- Opening Delimiter -

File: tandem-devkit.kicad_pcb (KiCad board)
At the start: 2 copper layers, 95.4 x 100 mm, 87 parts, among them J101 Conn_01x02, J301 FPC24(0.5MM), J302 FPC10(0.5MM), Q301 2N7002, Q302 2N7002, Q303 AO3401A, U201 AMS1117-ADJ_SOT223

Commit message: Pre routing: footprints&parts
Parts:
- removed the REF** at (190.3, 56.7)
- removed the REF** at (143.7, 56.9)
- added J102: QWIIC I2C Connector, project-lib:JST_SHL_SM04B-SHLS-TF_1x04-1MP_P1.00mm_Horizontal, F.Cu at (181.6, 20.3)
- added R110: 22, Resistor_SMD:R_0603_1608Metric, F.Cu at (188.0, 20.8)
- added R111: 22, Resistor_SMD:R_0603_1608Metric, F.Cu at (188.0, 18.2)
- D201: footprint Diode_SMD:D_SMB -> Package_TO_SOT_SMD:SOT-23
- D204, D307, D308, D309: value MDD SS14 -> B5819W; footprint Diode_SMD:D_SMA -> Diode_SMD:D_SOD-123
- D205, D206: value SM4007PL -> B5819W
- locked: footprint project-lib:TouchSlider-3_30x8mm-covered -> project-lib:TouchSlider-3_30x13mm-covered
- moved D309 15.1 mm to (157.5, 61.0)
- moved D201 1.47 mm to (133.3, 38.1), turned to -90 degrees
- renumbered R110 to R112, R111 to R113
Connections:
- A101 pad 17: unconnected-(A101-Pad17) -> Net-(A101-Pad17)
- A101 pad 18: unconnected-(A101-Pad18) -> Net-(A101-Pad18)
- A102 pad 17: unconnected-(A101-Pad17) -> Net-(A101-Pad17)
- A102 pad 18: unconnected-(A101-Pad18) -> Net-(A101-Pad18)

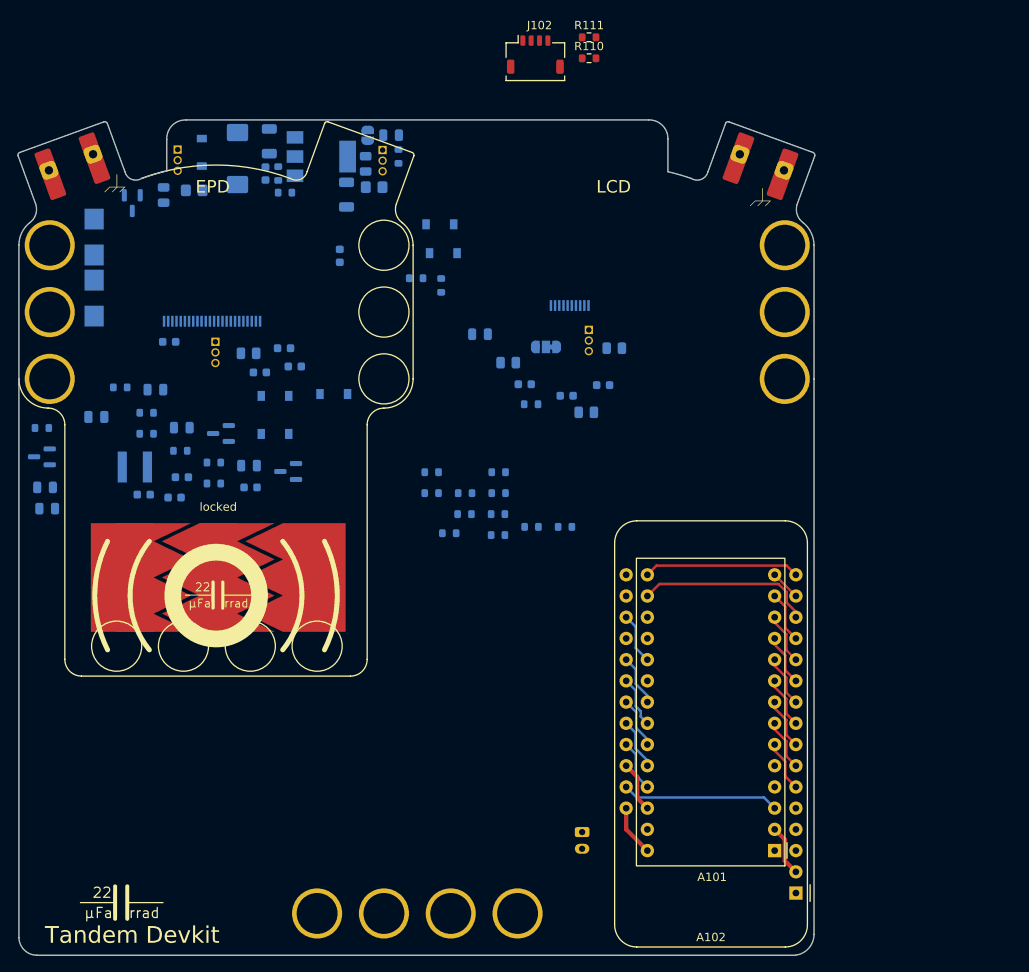
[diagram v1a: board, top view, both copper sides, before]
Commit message: PCB: include schematic changes
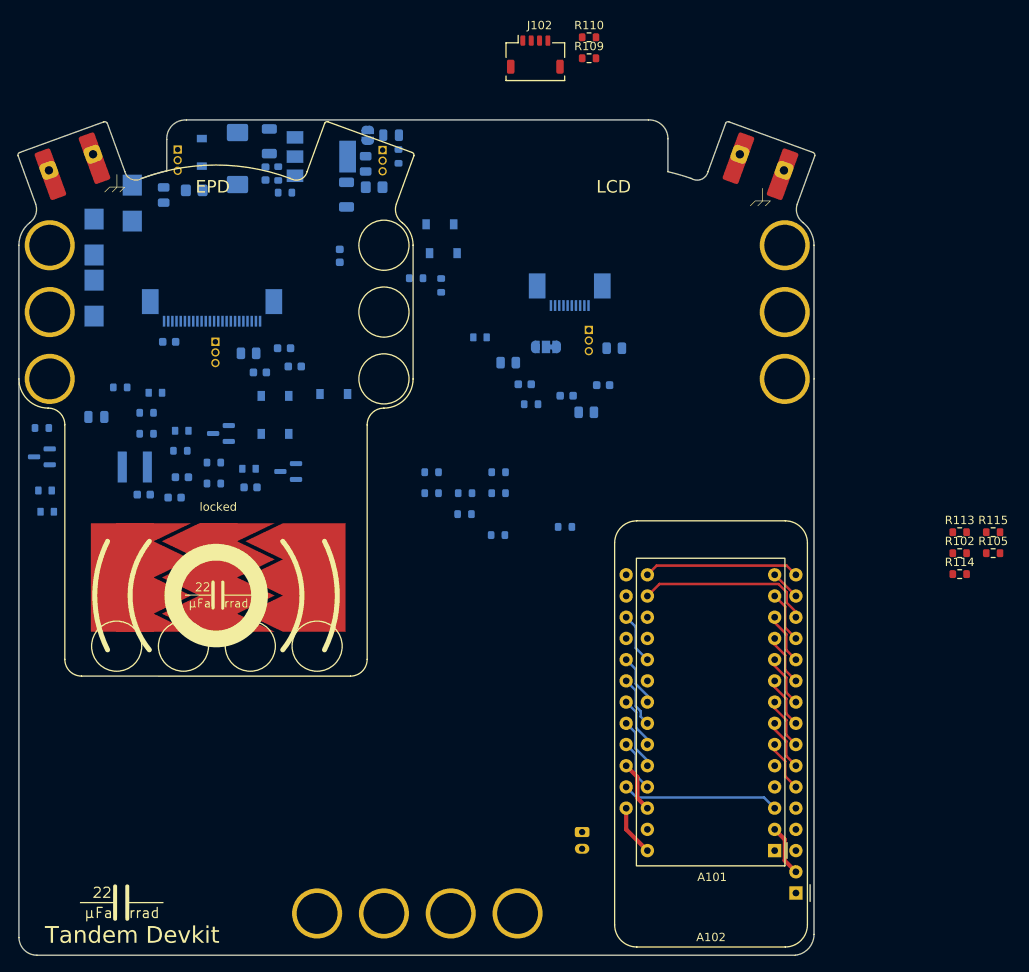
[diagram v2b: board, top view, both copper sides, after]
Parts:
- removed the R104 at (181.1, 76.9)
- removed the R108 at (171.3, 77.6)
- removed the R109 at (177.1, 75.3)
- added R102: 22, Resistor_SMD:R_0603_1608Metric, F.Cu at (232.4, 80.0)
- added R105: 22, Resistor_SMD:R_0603_1608Metric, F.Cu at (236.4, 80.0)
- added R113: 22, Resistor_SMD:R_0603_1608Metric, F.Cu at (232.4, 77.5)
- added R114: 15k, Resistor_SMD:R_0603_1608Metric, F.Cu at (232.4, 82.5)
- added R115: 15k, Resistor_SMD:R_0603_1608Metric, F.Cu at (236.4, 77.5)
- D201: value SMBJ170CA -> TVS Diode; footprint Package_TO_SOT_SMD:SOT-23 -> Diode_SMD:D_SMB
- D301, D302, D303, D304, D305, D306: footprint LED_SMD:LED_0805_2012Metric -> project-lib:LED_sidemount
- renumbered R102 to R103, R103 to R104, R105 to R106, R106 to R107, R107 to R108, R110 to R109, R111 to R110, R112 to R111, R113 to R112
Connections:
- A101 pad 1: unconnected-(A101-Pad1) -> Net-(A101-Pad1)
- A101 pad 20: unconnected-(A101-Pad20) -> Net-(A101-Pad20)
- A101 pad 5: unconnected-(A101-Pad5) -> /CAP_TOUCH_1
- A101 pad 6: /CAP_TOUCH_1 -> /EPD_CURRENT_SENSE
- A101 pad 7: /EPD_CURRENT_SENSE -> /LCD_CURRENT_SENSE
- A101 pad 8: /LCD_CURRENT_SENSE -> Net-(A101-Pad8)
- A102 pad 1: unconnected-(A101-Pad1) -> Net-(A101-Pad1)
- A102 pad 20: unconnected-(A101-Pad20) -> Net-(A101-Pad20)
- A102 pad 5: unconnected-(A101-Pad5) -> /CAP_TOUCH_1
- A102 pad 6: /CAP_TOUCH_1 -> /EPD_CURRENT_SENSE
- A102 pad 7: /EPD_CURRENT_SENSE -> /LCD_CURRENT_SENSE
- A102 pad 8: /LCD_CURRENT_SENSE -> Net-(A101-Pad8)
- J102 pad MP: (no net) -> GND
- R111 pad 2: Net-(A101-Pad9) -> Net-(A101-Pad8)
- R112 pad 2: Net-(A101-Pad10) -> Net-(A101-Pad9)
- R304 pad 2: /EPD_CURRENT_SENSE -> /LCD_CURRENT_SENSE
- R306 pad 2: /EPD_CURRENT_SENSE -> /LCD_CURRENT_SENSE
- R308 pad 2: /EPD_CURRENT_SENSE -> /LCD_CURRENT_SENSE
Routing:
- net /CAP_TOUCH_1: track 6.13 -> 0.00 mm
- net Net-(A101-Pad8): track 0.00 -> 6.13 mm

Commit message: PCB: rough placement, 1/x
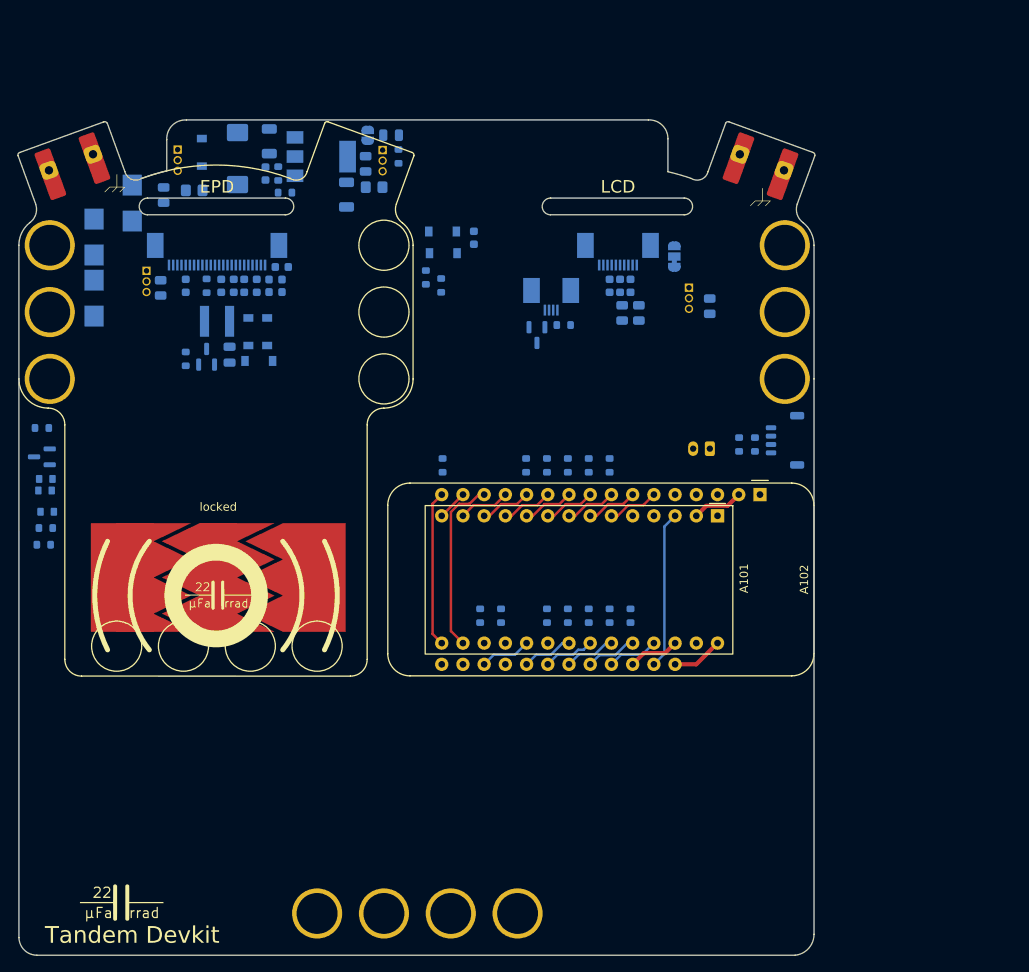
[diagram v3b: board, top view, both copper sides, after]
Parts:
- removed the D302 at (175.0, 53.8)
- removed the D304 at (147.3, 69.5)
- removed the D306 at (139.3, 65.0)
- removed the R304 at (181.1, 62.2)
- removed the R308 at (135.1, 65.7)
- added DISP301: Display_generic, project-lib:154_Epaper_Display, F.Cu at (143.5, 57.1)
- added DISP302: Display_generic, project-lib:154_Epaper_Display, F.Cu at (191.5, 57.1)
- added J301: ConnectorLCDFrontLight, project-lib:jlcpcb-C11047_FFC_1x04-1MP_P0.50mm_Horizontal, B.Cu at (183.5, 50.9)
- J102, R102, R105, R109, R110, R113, R114, R115: moved to B.Cu
- moved R110 70.0 mm to (177.5, 87.5), turned to -90 degrees
- moved R109 68.0 mm to (175.0, 87.5), turned to -90 degrees
- moved J102 55.0 mm to (211.5, 66.5), turned to -90 degrees
- moved R304 53.6 mm to (185.0, 52.7), turned to 0 degrees
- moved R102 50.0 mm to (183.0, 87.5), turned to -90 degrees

- Closing Delimiter -

YOUR ASSIGNMENT. Output the entries above exactly, without their pictures.

RESULT FOR THIS TASK.
File: tandem-devkit.kicad_pcb (KiCad board)
At the start: 2 copper layers, 95.4 x 100 mm, 87 parts, among them J101 Conn_01x02, J301 FPC24(0.5MM), J302 FPC10(0.5MM), Q301 2N7002, Q302 2N7002, Q303 AO3401A, U201 AMS1117-ADJ_SOT223

Commit message: Pre routing: footprints&parts
Parts:
- removed the REF** at (190.3, 56.7)
- removed the REF** at (143.7, 56.9)
- added J102: QWIIC I2C Connector, project-lib:JST_SHL_SM04B-SHLS-TF_1x04-1MP_P1.00mm_Horizontal, F.Cu at (181.6, 20.3)
- added R110: 22, Resistor_SMD:R_0603_1608Metric, F.Cu at (188.0, 20.8)
- added R111: 22, Resistor_SMD:R_0603_1608Metric, F.Cu at (188.0, 18.2)
- D201: footprint Diode_SMD:D_SMB -> Package_TO_SOT_SMD:SOT-23
- D204, D307, D308, D309: value MDD SS14 -> B5819W; footprint Diode_SMD:D_SMA -> Diode_SMD:D_SOD-123
- D205, D206: value SM4007PL -> B5819W
- locked: footprint project-lib:TouchSlider-3_30x8mm-covered -> project-lib:TouchSlider-3_30x13mm-covered
- moved D309 15.1 mm to (157.5, 61.0)
- moved D201 1.47 mm to (133.3, 38.1), turned to -90 degrees
- renumbered R110 to R112, R111 to R113
Connections:
- A101 pad 17: unconnected-(A101-Pad17) -> Net-(A101-Pad17)
- A101 pad 18: unconnected-(A101-Pad18) -> Net-(A101-Pad18)
- A102 pad 17: unconnected-(A101-Pad17) -> Net-(A101-Pad17)
- A102 pad 18: unconnected-(A101-Pad18) -> Net-(A101-Pad18)

[diagram v1a: board, top view, both copper sides, before]
Commit message: PCB: include schematic changes
[diagram v2b: board, top view, both copper sides, after]
Parts:
- removed the R104 at (181.1, 76.9)
- removed the R108 at (171.3, 77.6)
- removed the R109 at (177.1, 75.3)
- added R102: 22, Resistor_SMD:R_0603_1608Metric, F.Cu at (232.4, 80.0)
- added R105: 22, Resistor_SMD:R_0603_1608Metric, F.Cu at (236.4, 80.0)
- added R113: 22, Resistor_SMD:R_0603_1608Metric, F.Cu at (232.4, 77.5)
- added R114: 15k, Resistor_SMD:R_0603_1608Metric, F.Cu at (232.4, 82.5)
- added R115: 15k, Resistor_SMD:R_0603_1608Metric, F.Cu at (236.4, 77.5)
- D201: value SMBJ170CA -> TVS Diode; footprint Package_TO_SOT_SMD:SOT-23 -> Diode_SMD:D_SMB
- D301, D302, D303, D304, D305, D306: footprint LED_SMD:LED_0805_2012Metric -> project-lib:LED_sidemount
- renumbered R102 to R103, R103 to R104, R105 to R106, R106 to R107, R107 to R108, R110 to R109, R111 to R110, R112 to R111, R113 to R112
Connections:
- A101 pad 1: unconnected-(A101-Pad1) -> Net-(A101-Pad1)
- A101 pad 20: unconnected-(A101-Pad20) -> Net-(A101-Pad20)
- A101 pad 5: unconnected-(A101-Pad5) -> /CAP_TOUCH_1
- A101 pad 6: /CAP_TOUCH_1 -> /EPD_CURRENT_SENSE
- A101 pad 7: /EPD_CURRENT_SENSE -> /LCD_CURRENT_SENSE
- A101 pad 8: /LCD_CURRENT_SENSE -> Net-(A101-Pad8)
- A102 pad 1: unconnected-(A101-Pad1) -> Net-(A101-Pad1)
- A102 pad 20: unconnected-(A101-Pad20) -> Net-(A101-Pad20)
- A102 pad 5: unconnected-(A101-Pad5) -> /CAP_TOUCH_1
- A102 pad 6: /CAP_TOUCH_1 -> /EPD_CURRENT_SENSE
- A102 pad 7: /EPD_CURRENT_SENSE -> /LCD_CURRENT_SENSE
- A102 pad 8: /LCD_CURRENT_SENSE -> Net-(A101-Pad8)
- J102 pad MP: (no net) -> GND
- R111 pad 2: Net-(A101-Pad9) -> Net-(A101-Pad8)
- R112 pad 2: Net-(A101-Pad10) -> Net-(A101-Pad9)
- R304 pad 2: /EPD_CURRENT_SENSE -> /LCD_CURRENT_SENSE
- R306 pad 2: /EPD_CURRENT_SENSE -> /LCD_CURRENT_SENSE
- R308 pad 2: /EPD_CURRENT_SENSE -> /LCD_CURRENT_SENSE
Routing:
- net /CAP_TOUCH_1: track 6.13 -> 0.00 mm
- net Net-(A101-Pad8): track 0.00 -> 6.13 mm

Commit message: PCB: rough placement, 1/x
[diagram v3b: board, top view, both copper sides, after]
Parts:
- removed the D302 at (175.0, 53.8)
- removed the D304 at (147.3, 69.5)
- removed the D306 at (139.3, 65.0)
- removed the R304 at (181.1, 62.2)
- removed the R308 at (135.1, 65.7)
- added DISP301: Display_generic, project-lib:154_Epaper_Display, F.Cu at (143.5, 57.1)
- added DISP302: Display_generic, project-lib:154_Epaper_Display, F.Cu at (191.5, 57.1)
- added J301: ConnectorLCDFrontLight, project-lib:jlcpcb-C11047_FFC_1x04-1MP_P0.50mm_Horizontal, B.Cu at (183.5, 50.9)
- J102, R102, R105, R109, R110, R113, R114, R115: moved to B.Cu
- moved R110 70.0 mm to (177.5, 87.5), turned to -90 degrees
- moved R109 68.0 mm to (175.0, 87.5), turned to -90 degrees
- moved J102 55.0 mm to (211.5, 66.5), turned to -90 degrees
- moved R304 53.6 mm to (185.0, 52.7), turned to 0 degrees
- moved R102 50.0 mm to (183.0, 87.5), turned to -90 degrees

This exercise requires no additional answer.